Raw data

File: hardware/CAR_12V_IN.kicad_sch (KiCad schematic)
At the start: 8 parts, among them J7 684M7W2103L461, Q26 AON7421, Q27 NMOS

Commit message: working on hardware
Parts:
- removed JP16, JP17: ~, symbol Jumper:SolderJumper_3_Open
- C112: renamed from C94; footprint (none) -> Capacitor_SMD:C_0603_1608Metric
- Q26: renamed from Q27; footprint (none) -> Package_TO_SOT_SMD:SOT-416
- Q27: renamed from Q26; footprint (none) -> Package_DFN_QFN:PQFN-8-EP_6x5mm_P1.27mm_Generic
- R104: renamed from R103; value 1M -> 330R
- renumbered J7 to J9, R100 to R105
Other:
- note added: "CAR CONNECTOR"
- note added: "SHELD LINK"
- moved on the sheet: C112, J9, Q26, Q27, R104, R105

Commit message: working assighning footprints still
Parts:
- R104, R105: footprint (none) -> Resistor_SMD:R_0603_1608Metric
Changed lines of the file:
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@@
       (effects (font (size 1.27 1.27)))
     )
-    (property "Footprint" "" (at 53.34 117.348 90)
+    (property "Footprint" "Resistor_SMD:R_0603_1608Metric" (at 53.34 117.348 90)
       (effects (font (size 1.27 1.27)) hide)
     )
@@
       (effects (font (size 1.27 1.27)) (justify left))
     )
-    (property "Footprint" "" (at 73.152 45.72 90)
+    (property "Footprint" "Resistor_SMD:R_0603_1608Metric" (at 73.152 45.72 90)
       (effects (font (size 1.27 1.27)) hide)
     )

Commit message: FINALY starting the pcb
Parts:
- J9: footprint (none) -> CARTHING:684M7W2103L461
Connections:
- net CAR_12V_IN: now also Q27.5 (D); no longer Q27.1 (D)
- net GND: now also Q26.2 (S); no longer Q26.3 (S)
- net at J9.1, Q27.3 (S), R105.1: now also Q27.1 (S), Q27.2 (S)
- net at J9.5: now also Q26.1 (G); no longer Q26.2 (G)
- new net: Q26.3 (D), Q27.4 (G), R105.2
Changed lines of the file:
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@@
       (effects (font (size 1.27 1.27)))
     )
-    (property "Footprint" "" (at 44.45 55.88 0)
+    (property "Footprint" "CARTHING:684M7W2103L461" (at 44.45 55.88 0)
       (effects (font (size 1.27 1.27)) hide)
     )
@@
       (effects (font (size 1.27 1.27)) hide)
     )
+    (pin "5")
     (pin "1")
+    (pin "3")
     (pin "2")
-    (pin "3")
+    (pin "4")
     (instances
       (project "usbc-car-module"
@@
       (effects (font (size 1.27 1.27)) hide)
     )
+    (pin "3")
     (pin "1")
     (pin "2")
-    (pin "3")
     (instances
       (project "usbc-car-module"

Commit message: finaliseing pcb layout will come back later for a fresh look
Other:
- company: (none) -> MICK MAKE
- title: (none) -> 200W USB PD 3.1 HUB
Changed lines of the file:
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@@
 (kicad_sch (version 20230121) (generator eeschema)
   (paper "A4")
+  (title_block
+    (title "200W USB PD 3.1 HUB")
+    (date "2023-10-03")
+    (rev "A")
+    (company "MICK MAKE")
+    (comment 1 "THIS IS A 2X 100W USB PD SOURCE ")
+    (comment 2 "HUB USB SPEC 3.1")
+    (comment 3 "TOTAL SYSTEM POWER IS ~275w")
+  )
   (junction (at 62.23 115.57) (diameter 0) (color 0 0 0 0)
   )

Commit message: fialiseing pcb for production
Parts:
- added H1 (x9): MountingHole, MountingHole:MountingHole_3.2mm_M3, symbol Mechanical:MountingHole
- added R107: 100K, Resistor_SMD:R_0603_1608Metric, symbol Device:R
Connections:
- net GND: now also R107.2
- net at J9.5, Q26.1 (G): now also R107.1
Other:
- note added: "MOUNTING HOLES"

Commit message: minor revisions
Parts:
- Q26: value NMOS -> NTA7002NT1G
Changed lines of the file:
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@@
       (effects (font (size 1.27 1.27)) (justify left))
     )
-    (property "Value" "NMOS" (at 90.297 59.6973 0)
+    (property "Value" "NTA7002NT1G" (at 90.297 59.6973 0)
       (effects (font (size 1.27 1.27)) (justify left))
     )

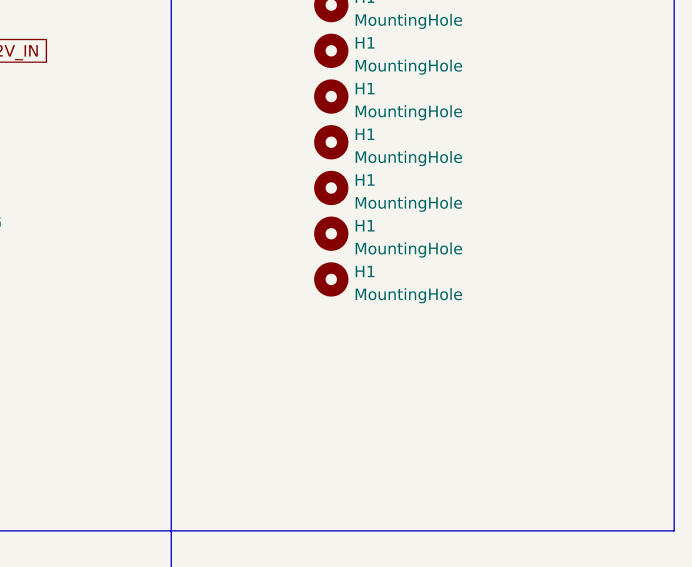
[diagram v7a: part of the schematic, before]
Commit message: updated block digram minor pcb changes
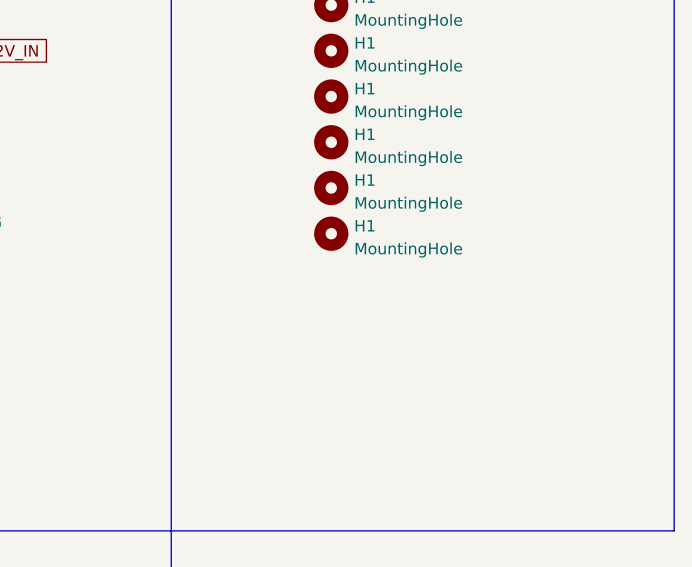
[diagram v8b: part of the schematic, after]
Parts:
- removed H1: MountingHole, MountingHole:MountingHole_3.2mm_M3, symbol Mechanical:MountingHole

Work instruction
Each line from the top of the listing down to and including the one containing "Commit message: working on hardware" should be transcribed exactly; nothing else is to be output.

Task solution
File: hardware/CAR_12V_IN.kicad_sch (KiCad schematic)
At the start: 8 parts, among them J7 684M7W2103L461, Q26 AON7421, Q27 NMOS

Commit message: working on hardware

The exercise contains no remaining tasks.